The city of Philadelphia recently released a draft of its new comprehensive plan, Philadelphia2035 [PDF]. The plan’s release makes New York the last city in the four largest Northeastern metro areas that hasn’t so much as stated a commitment to cutting back on off-street parking.
Philadelphia2035 calls for controlling congestion by adding parking maximums into the zoning code and pricing on-street parking high enough so that 15 percent of spaces are always free. Here in New York, we still pretend that adding off-street parking reduces traffic congestion.
At the same time, Philadelphia is moving forward with a brand new zoning code. According to an article by PlanPhilly’s Nick Gilewitz, the new code will eliminate parking minimums downtown and in the city’s many rowhouse neighborhoods. While Gilewitz notes that parking minimums will still require significant amounts of new parking in some relatively dense neighborhoods, he concludes that the end to many parking minimums “is a huge step forward in recognizing that Philadelphia has incredible public transit resources that can, and perhaps should, shape development.”
New York’s other Northeastern competitors, too, are trying to halt the overproduction of off-street parking and the subsidization of on-street parking. Boston’s equivalent of PlaNYC, for example, calls for raising meter rates and eliminating most free on-street parking by putting a price on residential parking permits. It also calls for expanding the area where new off-street parking is banned and cracking down on exemptions to the ban where it’s already in place.

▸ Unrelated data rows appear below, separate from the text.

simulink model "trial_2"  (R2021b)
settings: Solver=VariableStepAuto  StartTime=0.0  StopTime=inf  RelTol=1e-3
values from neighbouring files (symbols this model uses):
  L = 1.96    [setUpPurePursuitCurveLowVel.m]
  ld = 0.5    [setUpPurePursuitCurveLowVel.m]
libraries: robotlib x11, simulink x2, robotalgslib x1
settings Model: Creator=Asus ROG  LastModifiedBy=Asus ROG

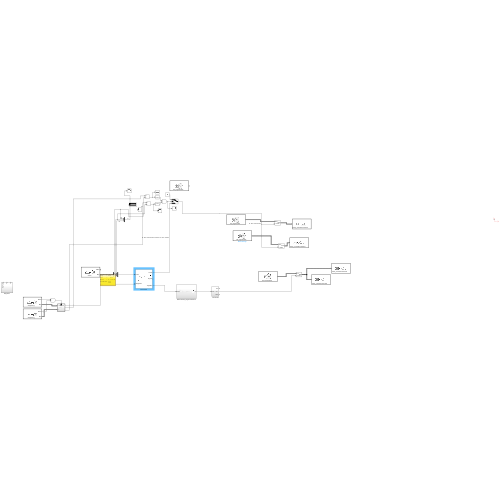
[thumbnail: Simulink's stored preview of the top-level diagram]
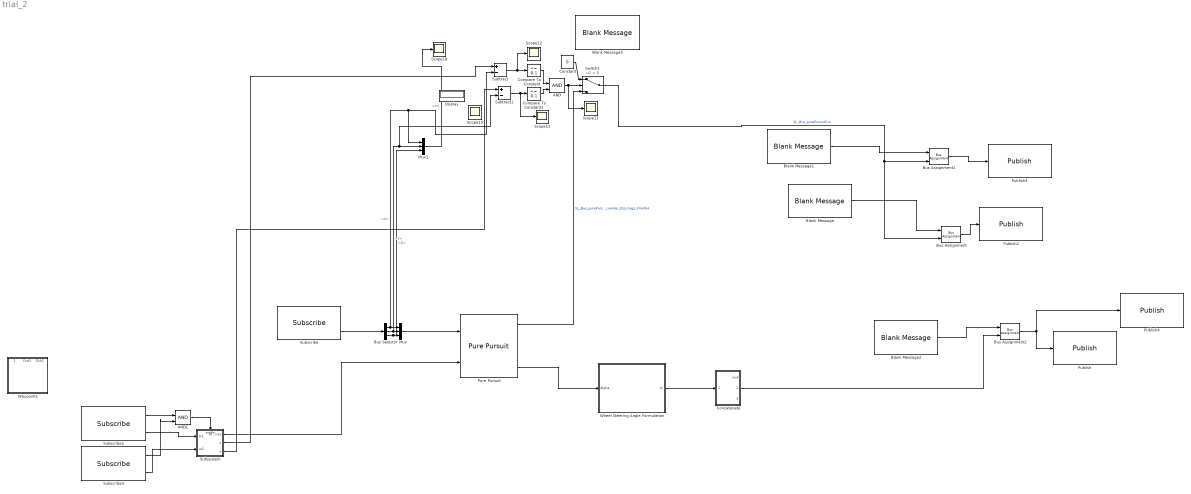
== system trial_2 ==
  AND : Logic  IconShape=distinctive  AllPortsSameDT=off  OutDataTypeStr=boolean
  AND1 : Logic  IconShape=distinctive  AllPortsSameDT=off  OutDataTypeStr=boolean
  Blank Message{,1..3} (4 alike) : robotlib/Blank Message  messageClass=Message  entityType=std_msgs/Float64  messageType=std_msgs/Float64  SampleTime=inf  legacyBusStruct=off
  Bus Assignment : BusAssignment  AssignedSignals=Data
  Bus Assignment1 : BusAssignment  AssignedSignals=Data
  Bus Assignment2 : BusAssignment  AssignedSignals=Data
  Bus Selector : BusSelector  OutputSignals=Pose.Pose.Position.X,Pose.Pose.Position.Y,Twist.Twist.Linear.Z
  Compare To Constant : simulink/Logic and Bit Operations/Compare To Constant  relop=<=  const=0.1  OutDataTypeStr=boolean
  Compare To Constant1 : simulink/Logic and Bit Operations/Compare To Constant  relop=<=  const=0.1  OutDataTypeStr=boolean
  Concatenate : Subsystem
  Constant : Constant  Value=0
  Display : Display
  Mux : Mux  Inputs=3
  Mux1 : Mux  Inputs=3
  Publish : robotlib/Publish  topicSource=Select from ROS network  topic=/follower_zamboni/left_steering_hinge_position_controller/command  messageType=std_msgs/Float64  legacyBusStruct=off  messageQueueLength=1
  Publish2 : robotlib/Publish  topicSource=Select from ROS network  topic=/follower_zamboni/left_rear_wheel_velocity_controller/command  messageType=std_msgs/Float64  legacyBusStruct=off  messageQueueLength=1
  Publish3 : robotlib/Publish  topicSource=Select from ROS network  topic=/follower_zamboni/right_rear_wheel_velocity_controller/command  messageType=std_msgs/Float64  legacyBusStruct=off  messageQueueLength=1
  Publish4 : robotlib/Publish  topicSource=Select from ROS network  topic=/follower_zamboni/right_steering_hinge_position_controller/command  messageType=std_msgs/Float64  legacyBusStruct=off  messageQueueLength=1
  Pure Pursuit : robotalgslib/Pure Pursuit  DesiredLinearVelocity=2  MaxAngularVelocity=5  LookaheadDistance=ld  TargetDirPort=on  SimulateUsing=Code generation
  Scope{10..13,15} (5 alike) : Scope
  Subscribe : robotlib/Subscribe  topicSource=Select from ROS network  topic=/odom  messageType=nav_msgs/Odometry  SampleTime=-1  legacyBusStruct=off  messageQueueLength=1
  Subscribe2 : robotlib/Subscribe  topicSource=Select from ROS network  topic=/waypoints_x  messageType=std_msgs/Float64  SampleTime=-1  legacyBusStruct=off  messageQueueLength=1
  Subscribe3 : robotlib/Subscribe  topicSource=Select from ROS network  topic=/waypoints_y  messageType=std_msgs/Float64  SampleTime=-1  legacyBusStruct=off  messageQueueLength=1
  Subsystem : Subsystem
  Subtract : Sum  Inputs=+-
  Subtract1 : Sum  Inputs=+-
  Switch1 : Switch  Criteria=u2 > Threshold
  Waypoints : Subsystem
      settings: PortSchema="{\"entries\":[{\"content\":{\"sides\":[{\"content\":{\"connectorIds\":[]},\"type\":\"ConnectorPlacement.EquallySpacedRectSide\",\"uuid\":\"1aef6d80-e8a9-4fb7-8510-b2c9f7879556\"},{\"content\":{\"connectorIds\":[],\"side\":\"RIGHT\"},\"type\":\"ConnectorPlacement.EquallySpacedRectSide\",\"uuid\":\"ca868ae5-f684-48a7-9a57-a6a9932b3d7c\"},{\"content\":{\"connectorIds\":[\"Out1\",\"Out2\",\"Out3\"],\"side\":\"TOP\"},\"type\":\"ConnectorPlacement.EquallySpacedRectSide\",\"uuid\":\"53e5d444-9164-44c4-9d78-994de9471315\"}]},\"type\":\"ConnectorPlacement.EquallySpacedConnector\",\"uuid\":\"edcfc3a4-0663-40f8-8137-2b87bcbb479d\"}],\"packageUris\":[\"http://schema.mathworks.com/mf0/Connector/R2020b\"],\"version\":\"1.0\"}"
  Wheel Steering Angle Formulation : Subsystem
  wires:
  Subscribe/2 -> Bus Selector/1
  Mux/1 -> Pure Pursuit/1
  Subsystem/1(WayPoints) -> Pure Pursuit/2
  Pure Pursuit/3 -> Wheel Steering Angle Formulation/1(alpha)
  Wheel Steering Angle Formulation/1(Al) -> Concatenate/1(delta)
  Bus Assignment2/1 -> Publish/1, Publish4/1
  Blank Message2/1 -> Bus Assignment2/1
  Concatenate/2(AnF1) -> Bus Assignment2/2
  Blank Message1/1 -> Bus Assignment1/1
  Blank Message/1 -> Bus Assignment/1
  Switch1/1 -> Bus Assignment/2, Bus Assignment1/2  "SL_Bus_purePursuitCur"
  Bus Assignment/1 -> Publish2/1
  Bus Assignment1/1 -> Publish3/1
  Bus Selector/3 -> Mux1/3, Mux/3  "<Z>"
  Pure Pursuit/1 -> Switch1/3  "SL_Bus_purePursuitCurveLowVel_std_msgs_Float64"
  Compare To Constant1/1 -> AND/2
  AND/1 -> Scope11/1, Switch1/2
  Constant/1 -> Switch1/1
  Subtract1/1 -> Scope13/1, Compare To Constant1/1
  Compare To Constant/1 -> AND/1
  Mux1/1 -> Scope10/1  "<Y>"
  ? -> ?  "<Y>"
  Bus Selector/1 -> Subtract/2, Mux1/1, Mux/1  "<X>"
  Bus Selector/2 -> Subtract1/2, Mux1/2, Mux/2  "<Y>"
  Subtract/1 -> Scope12/1, Compare To Constant/1
  Subsystem/2(x) -> Subtract/1
  Subsystem/3(y) -> Subtract1/1
  Subscribe3/2 -> Subsystem/2(In2)
  Subscribe2/2 -> Subsystem/1(In1)
  Subscribe3/1 -> AND1/2
  AND1/1 -> Subsystem/Enable
  Subscribe2/1 -> AND1/1

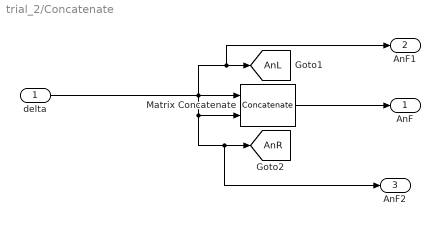
== system trial_2/Concatenate ==
  delta : Inport
  Matrix Concatenate : Concatenate
  AnF : Outport  VectorParamsAs1DForOutWhenUnconnected=off
  AnF1 : Outport  Port=2  VectorParamsAs1DForOutWhenUnconnected=off
  AnF2 : Outport  Port=3  VectorParamsAs1DForOutWhenUnconnected=off
  tag scope: AnL=global, AnR=global
  wires:
  Matrix Concatenate/1 -> AnF/1
  delta/1 -> AnF1/1, [AnL], AnF2/1, [AnR], Matrix Concatenate/2, Matrix Concatenate/1

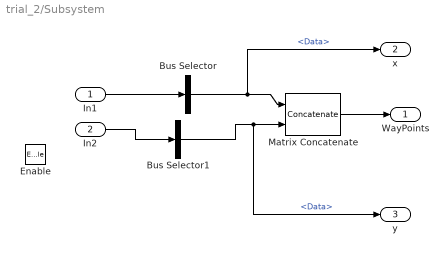
== system trial_2/Subsystem ==
  In1 : Inport
  In2 : Inport  Port=2
  Enable : EnablePort
  Bus Selector : BusSelector  OutputSignals=Data
  Bus Selector1 : BusSelector  OutputSignals=Data
  Matrix Concatenate : Concatenate  Mode=Multidimensional array  ConcatenateDimension=2
  WayPoints : Outport
  x : Outport  Port=2
  y : Outport  Port=3
  wires:
  In1/1 -> Bus Selector/1
  Matrix Concatenate/1 -> WayPoints/1
  In2/1 -> Bus Selector1/1
  Bus Selector/1 -> x/1, Matrix Concatenate/1  "<Data>"
  Bus Selector1/1 -> y/1, Matrix Concatenate/2  "<Data>"

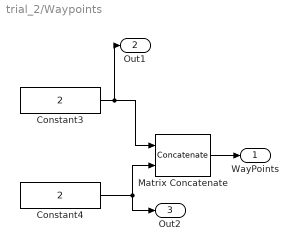
== system trial_2/Waypoints ==
  Constant3 : Constant  Value=2  SampleTime=0.1
  Constant4 : Constant  Value=2  SampleTime=0.1
  Matrix Concatenate : Concatenate  Mode=Multidimensional array  ConcatenateDimension=2
  WayPoints : Outport
  Out1 : Outport  Port=2
  Out2 : Outport  Port=3
  wires:
  Constant4/1 -> Out2/1, Matrix Concatenate/2
  Constant3/1 -> Out1/1, Matrix Concatenate/1
  Matrix Concatenate/1 -> WayPoints/1

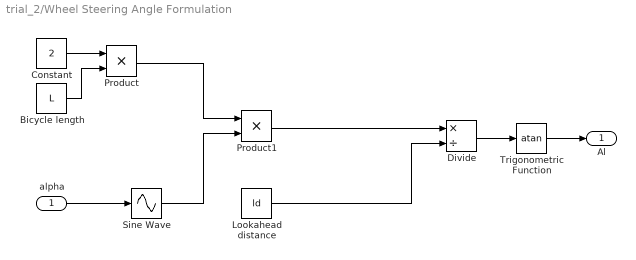
== system trial_2/Wheel Steering Angle Formulation ==
  alpha : Inport
  Bicycle length : Constant  Value=L
  Constant : Constant  Value=2
  Divide : Product  Inputs=*/
  Lookahead distance : Constant  Value=ld
  Product : Product
  Product1 : Product
  Sine Wave : Sin  TimeSource=Use external signal  SampleTime=0
  Trigonometric Function : Trigonometry  Operator=atan
  Al : Outport
  wires:
  Sine Wave/1 -> Product1/2
  Bicycle length/1 -> Product/2
  Constant/1 -> Product/1
  Product1/1 -> Divide/1
  Product/1 -> Product1/1
  Divide/1 -> Trigonometric Function/1
  Trigonometric Function/1 -> Al/1
  alpha/1 -> Sine Wave/1
  Lookahead distance/1 -> Divide/2

In practice, as the city rezones, Boston is switching parking minimums in many neighborhoods to parking maximums, according to the editor of CommonWealth Magazine [PDF]. When directly involved in the development of large projects, Boston is pushing developers to turn entire floors of parking into housing.
Washington, D.C., meanwhile, is working its way through a citywide rezoning. According to Greater Greater Washington, “parking minimums would disappear in most cases,” with only the least transit-served neighborhoods keeping them. The Office of Planning’s draft language [PDF] includes city-wide parking maximums to “prevent an over-supply of off-street parking that would contribute to traffic congestion and the inefficient use of land.”
D.C.’s draft language also allows the city to grant exemptions from any remaining parking requirements if it can be shown that parking demand will be below the minimum, if the developer creates a plan to reduce driving to work, or if a project is near transit.
While it follows that the city with the best transit system and lowest car-ownership rate in the country would lead on parking policy, New York is instead falling further behind.